§ **Task statement**: An exact copy of the entries below is needed, with every picture left out.

§ **Excerpted records**:
:::
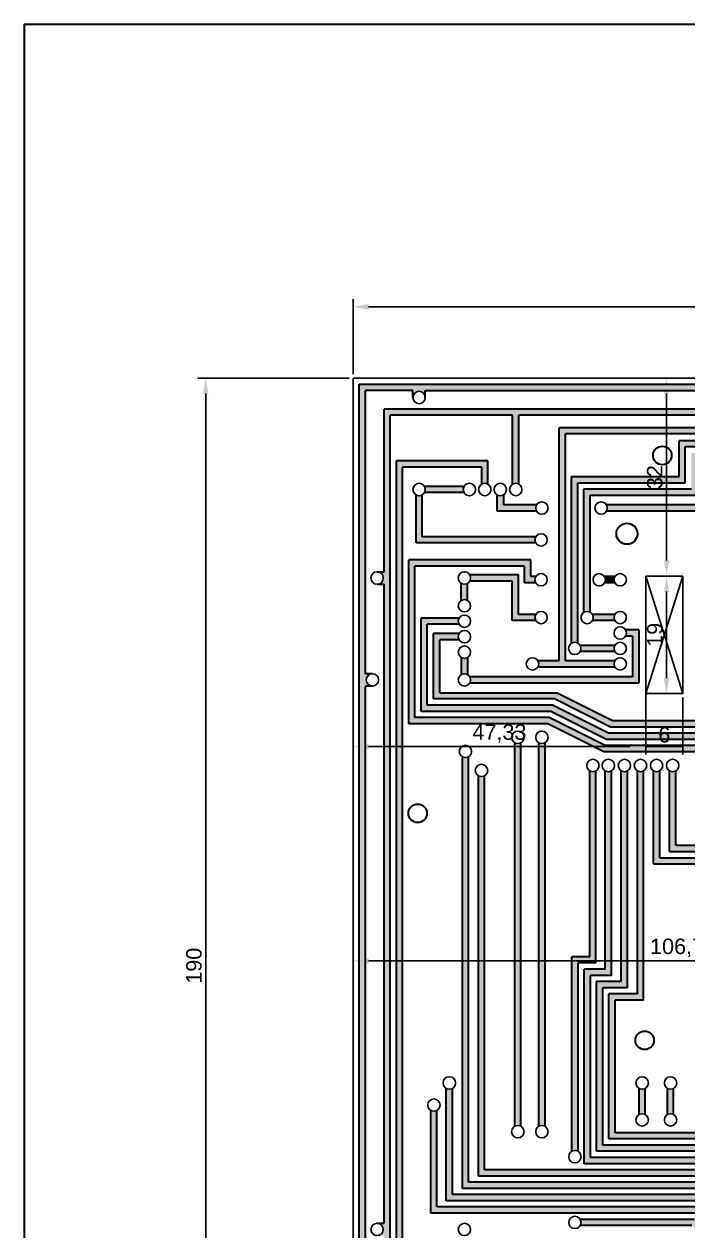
# Model space of a CAD drawing. Header units: millimetres. Extents: x -2849 to 258, y -823 to -139.
# Drawn here: x -725.1 to -617.8, y -334 to -138.9 of the extents above; entities that cross this region are included whole.
import ezdxf

# ---------------------------------------------------------------- set-up
doc = ezdxf.new("R2010")
doc.units = ezdxf.units.MM
doc.styles.get("Standard").update_dxf_attribs({"font": 'arial.ttf'})
doc.dimstyles.new('ISO-25', dxfattribs={"dimtxt": 2.5, "dimasz": 2.5, "dimexe": 1.25, "dimexo": 0.625, "dimtad": 1, "dimtxsty": 'Standard', "dimcen": 2.5, "dimadec": 0, "dimazin": 0, "dimtfac": 1, "dimtmove": 0, "dimatfit": 3, "dimfxl": 1, "dimarcsym": 0})

# ---------------------------------------------------------------- blocks, each defined once
blk = doc.blocks.new('*D54')
at = {"color": 0, "lineweight": -2, "transparency": 16777216}
for p, q in [((-672.55, -196.17), (-697, -196.17)), ((-695.75, -383.67), (-695.75, -198.67)), ((-672.55, -386.17), (-697, -386.17))]:
    blk.add_line(p, q, dxfattribs=at)
at = {"color": 0, "lineweight": 30, "transparency": 16777216}
for points in [[(-696.17, -198.67), (-695.33, -198.67), (-695.75, -196.17)], [(-696.17, -383.67), (-695.33, -383.67), (-695.75, -386.17)]]:
    blk.add_solid(points, dxfattribs=at)
at = {"layer": 'Defpoints', "color": 0, "lineweight": 30}
for p in [(-695.75, -196.17), (-671.92, -196.17), (-671.92, -386.17)]:
    blk.add_point(p, dxfattribs=at)
at = {"color": 0, "lineweight": 30, "transparency": 16777216, "insert": (-697.65, -291.17), "char_height": 2.5, "attachment_point": 5, "rotation": 90}
blk.add_mtext('190', dxfattribs=at)
blk = doc.blocks.new('*D57')
at = {"color": 0, "lineweight": -2, "transparency": 16777216}
for p, q in [((-623.97, -228.17), (-619.99, -228.17)), ((-621.24, -244.67), (-621.24, -230.67)), ((-623.97, -247.17), (-619.99, -247.17))]:
    blk.add_line(p, q, dxfattribs=at)
at = {"color": 0, "lineweight": 30, "transparency": 16777216}
for points in [[(-621.66, -230.67), (-620.82, -230.67), (-621.24, -228.17)], [(-621.66, -244.67), (-620.82, -244.67), (-621.24, -247.17)]]:
    blk.add_solid(points, dxfattribs=at)
at = {"layer": 'Defpoints', "color": 0, "lineweight": 30}
for p in [(-624.6, -228.17), (-621.24, -228.17), (-624.6, -247.17)]:
    blk.add_point(p, dxfattribs=at)
at = {"color": 0, "lineweight": 30, "transparency": 16777216, "insert": (-623.14, -237.67), "char_height": 2.5, "attachment_point": 5, "rotation": 90}
blk.add_mtext('19', dxfattribs=at)
blk = doc.blocks.new('*D58')
at = {"color": 0, "lineweight": -2, "transparency": 16777216}
for p, q in [((-621.86, -196.17), (-622.49, -196.17)), ((-621.24, -225.67), (-621.24, -198.67)), ((-621.86, -228.17), (-622.49, -228.17))]:
    blk.add_line(p, q, dxfattribs=at)
at = {"color": 0, "lineweight": 30, "transparency": 16777216}
for points in [[(-621.66, -198.67), (-620.82, -198.67), (-621.24, -196.17)], [(-621.66, -225.67), (-620.82, -225.67), (-621.24, -228.17)]]:
    blk.add_solid(points, dxfattribs=at)
at = {"layer": 'Defpoints', "color": 0, "lineweight": 30}
for p in [(-621.24, -196.17), (-621.24, -196.17), (-621.24, -228.17)]:
    blk.add_point(p, dxfattribs=at)
at = {"color": 0, "lineweight": 30, "transparency": 16777216, "insert": (-623.14, -212.17), "char_height": 2.5, "attachment_point": 5, "rotation": 90}
blk.add_mtext('32', dxfattribs=at)
blk = doc.blocks.new('*D65')
at = {"color": 0, "lineweight": -2, "transparency": 16777216}
for p, q in [((-671.92, -237.34), (-671.92, -256.99)), ((-624.6, -237.34), (-624.6, -256.99)), ((-669.42, -255.74), (-627.1, -255.74))]:
    blk.add_line(p, q, dxfattribs=at)
at = {"color": 0, "lineweight": 30, "transparency": 16777216}
for points in [[(-669.42, -255.33), (-669.42, -256.16), (-671.92, -255.74)], [(-627.1, -255.33), (-627.1, -256.16), (-624.6, -255.74)]]:
    blk.add_solid(points, dxfattribs=at)
at = {"layer": 'Defpoints', "color": 0, "lineweight": 30}
for p in [(-671.92, -236.72), (-624.6, -236.72), (-624.6, -255.74)]:
    blk.add_point(p, dxfattribs=at)
at = {"color": 0, "lineweight": 30, "transparency": 16777216, "insert": (-648.26, -253.62), "char_height": 2.5, "attachment_point": 5}
blk.add_mtext('47,33', dxfattribs=at)
blk = doc.blocks.new('*D66')
at = {"color": 0, "lineweight": -2, "transparency": 16777216}
for p, q in [((-565.21, -276.79), (-565.21, -291.64)), ((-671.92, -290.54), (-671.92, -289.14)), ((-669.42, -290.39), (-567.71, -290.39))]:
    blk.add_line(p, q, dxfattribs=at)
at = {"color": 0, "lineweight": 30, "transparency": 16777216}
for points in [[(-669.42, -289.97), (-669.42, -290.8), (-671.92, -290.39)], [(-567.71, -289.97), (-567.71, -290.8), (-565.21, -290.39)]]:
    blk.add_solid(points, dxfattribs=at)
at = {"layer": 'Defpoints', "color": 0, "lineweight": 30}
for p in [(-565.21, -276.17), (-565.21, -290.39), (-671.92, -291.17)]:
    blk.add_point(p, dxfattribs=at)
at = {"color": 0, "lineweight": 30, "transparency": 16777216, "insert": (-618.57, -288.26), "char_height": 2.5, "attachment_point": 5}
blk.add_mtext('106,71', dxfattribs=at)
blk = doc.blocks.new('*D79')
at = {"color": 0, "lineweight": -2, "transparency": 16777216}
for p, q in [((-671.92, -195.54), (-671.92, -183.39)), ((-669.42, -184.64), (-474.42, -184.64)), ((-471.92, -195.54), (-471.92, -183.39))]:
    blk.add_line(p, q, dxfattribs=at)
at = {"color": 0, "lineweight": 30, "transparency": 16777216}
for points in [[(-669.42, -184.22), (-669.42, -185.06), (-671.92, -184.64)], [(-474.42, -184.22), (-474.42, -185.06), (-471.92, -184.64)]]:
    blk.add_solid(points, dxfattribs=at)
:::
§ **Response**:
# Model space of a CAD drawing. Header units: millimetres. Extents: x -2849 to 258, y -823 to -139.
# Drawn here: x -725.1 to -617.8, y -334 to -138.9 of the extents above; entities that cross this region are included whole.
import ezdxf

# ---------------------------------------------------------------- set-up
doc = ezdxf.new("R2010")
doc.units = ezdxf.units.MM
doc.styles.get("Standard").update_dxf_attribs({"font": 'arial.ttf'})
doc.dimstyles.new('ISO-25', dxfattribs={"dimtxt": 2.5, "dimasz": 2.5, "dimexe": 1.25, "dimexo": 0.625, "dimtad": 1, "dimtxsty": 'Standard', "dimcen": 2.5, "dimadec": 0, "dimazin": 0, "dimtfac": 1, "dimtmove": 0, "dimatfit": 3, "dimfxl": 1, "dimarcsym": 0})

# ---------------------------------------------------------------- blocks, each defined once
blk = doc.blocks.new('*D54')
at = {"color": 0, "lineweight": -2, "transparency": 16777216}
for p, q in [((-672.55, -196.17), (-697, -196.17)), ((-695.75, -383.67), (-695.75, -198.67)), ((-672.55, -386.17), (-697, -386.17))]:
    blk.add_line(p, q, dxfattribs=at)
at = {"color": 0, "lineweight": 30, "transparency": 16777216}
for points in [[(-696.17, -198.67), (-695.33, -198.67), (-695.75, -196.17)], [(-696.17, -383.67), (-695.33, -383.67), (-695.75, -386.17)]]:
    blk.add_solid(points, dxfattribs=at)
at = {"layer": 'Defpoints', "color": 0, "lineweight": 30}
for p in [(-695.75, -196.17), (-671.92, -196.17), (-671.92, -386.17)]:
    blk.add_point(p, dxfattribs=at)
at = {"color": 0, "lineweight": 30, "transparency": 16777216, "insert": (-697.65, -291.17), "char_height": 2.5, "attachment_point": 5, "rotation": 90}
blk.add_mtext('190', dxfattribs=at)
blk = doc.blocks.new('*D57')
at = {"color": 0, "lineweight": -2, "transparency": 16777216}
for p, q in [((-623.97, -228.17), (-619.99, -228.17)), ((-621.24, -244.67), (-621.24, -230.67)), ((-623.97, -247.17), (-619.99, -247.17))]:
    blk.add_line(p, q, dxfattribs=at)
at = {"color": 0, "lineweight": 30, "transparency": 16777216}
for points in [[(-621.66, -230.67), (-620.82, -230.67), (-621.24, -228.17)], [(-621.66, -244.67), (-620.82, -244.67), (-621.24, -247.17)]]:
    blk.add_solid(points, dxfattribs=at)
at = {"layer": 'Defpoints', "color": 0, "lineweight": 30}
for p in [(-624.6, -228.17), (-621.24, -228.17), (-624.6, -247.17)]:
    blk.add_point(p, dxfattribs=at)
at = {"color": 0, "lineweight": 30, "transparency": 16777216, "insert": (-623.14, -237.67), "char_height": 2.5, "attachment_point": 5, "rotation": 90}
blk.add_mtext('19', dxfattribs=at)
blk = doc.blocks.new('*D58')
at = {"color": 0, "lineweight": -2, "transparency": 16777216}
for p, q in [((-621.86, -196.17), (-622.49, -196.17)), ((-621.24, -225.67), (-621.24, -198.67)), ((-621.86, -228.17), (-622.49, -228.17))]:
    blk.add_line(p, q, dxfattribs=at)
at = {"color": 0, "lineweight": 30, "transparency": 16777216}
for points in [[(-621.66, -198.67), (-620.82, -198.67), (-621.24, -196.17)], [(-621.66, -225.67), (-620.82, -225.67), (-621.24, -228.17)]]:
    blk.add_solid(points, dxfattribs=at)
at = {"layer": 'Defpoints', "color": 0, "lineweight": 30}
for p in [(-621.24, -196.17), (-621.24, -196.17), (-621.24, -228.17)]:
    blk.add_point(p, dxfattribs=at)
at = {"color": 0, "lineweight": 30, "transparency": 16777216, "insert": (-623.14, -212.17), "char_height": 2.5, "attachment_point": 5, "rotation": 90}
blk.add_mtext('32', dxfattribs=at)
blk = doc.blocks.new('*D65')
at = {"color": 0, "lineweight": -2, "transparency": 16777216}
for p, q in [((-671.92, -237.34), (-671.92, -256.99)), ((-624.6, -237.34), (-624.6, -256.99)), ((-669.42, -255.74), (-627.1, -255.74))]:
    blk.add_line(p, q, dxfattribs=at)
at = {"color": 0, "lineweight": 30, "transparency": 16777216}
for points in [[(-669.42, -255.33), (-669.42, -256.16), (-671.92, -255.74)], [(-627.1, -255.33), (-627.1, -256.16), (-624.6, -255.74)]]:
    blk.add_solid(points, dxfattribs=at)
at = {"layer": 'Defpoints', "color": 0, "lineweight": 30}
for p in [(-671.92, -236.72), (-624.6, -236.72), (-624.6, -255.74)]:
    blk.add_point(p, dxfattribs=at)
at = {"color": 0, "lineweight": 30, "transparency": 16777216, "insert": (-648.26, -253.62), "char_height": 2.5, "attachment_point": 5}
blk.add_mtext('47,33', dxfattribs=at)
blk = doc.blocks.new('*D66')
at = {"color": 0, "lineweight": -2, "transparency": 16777216}
for p, q in [((-565.21, -276.79), (-565.21, -291.64)), ((-671.92, -290.54), (-671.92, -289.14)), ((-669.42, -290.39), (-567.71, -290.39))]:
    blk.add_line(p, q, dxfattribs=at)
at = {"color": 0, "lineweight": 30, "transparency": 16777216}
for points in [[(-669.42, -289.97), (-669.42, -290.8), (-671.92, -290.39)], [(-567.71, -289.97), (-567.71, -290.8), (-565.21, -290.39)]]:
    blk.add_solid(points, dxfattribs=at)
at = {"layer": 'Defpoints', "color": 0, "lineweight": 30}
for p in [(-565.21, -276.17), (-565.21, -290.39), (-671.92, -291.17)]:
    blk.add_point(p, dxfattribs=at)
at = {"color": 0, "lineweight": 30, "transparency": 16777216, "insert": (-618.57, -288.26), "char_height": 2.5, "attachment_point": 5}
blk.add_mtext('106,71', dxfattribs=at)
blk = doc.blocks.new('*D79')
at = {"color": 0, "lineweight": -2, "transparency": 16777216}
for p, q in [((-671.92, -195.54), (-671.92, -183.39)), ((-669.42, -184.64), (-474.42, -184.64)), ((-471.92, -195.54), (-471.92, -183.39))]:
    blk.add_line(p, q, dxfattribs=at)
at = {"color": 0, "lineweight": 30, "transparency": 16777216}
for points in [[(-669.42, -184.22), (-669.42, -185.06), (-671.92, -184.64)], [(-474.42, -184.22), (-474.42, -185.06), (-471.92, -184.64)]]:
    blk.add_solid(points, dxfattribs=at)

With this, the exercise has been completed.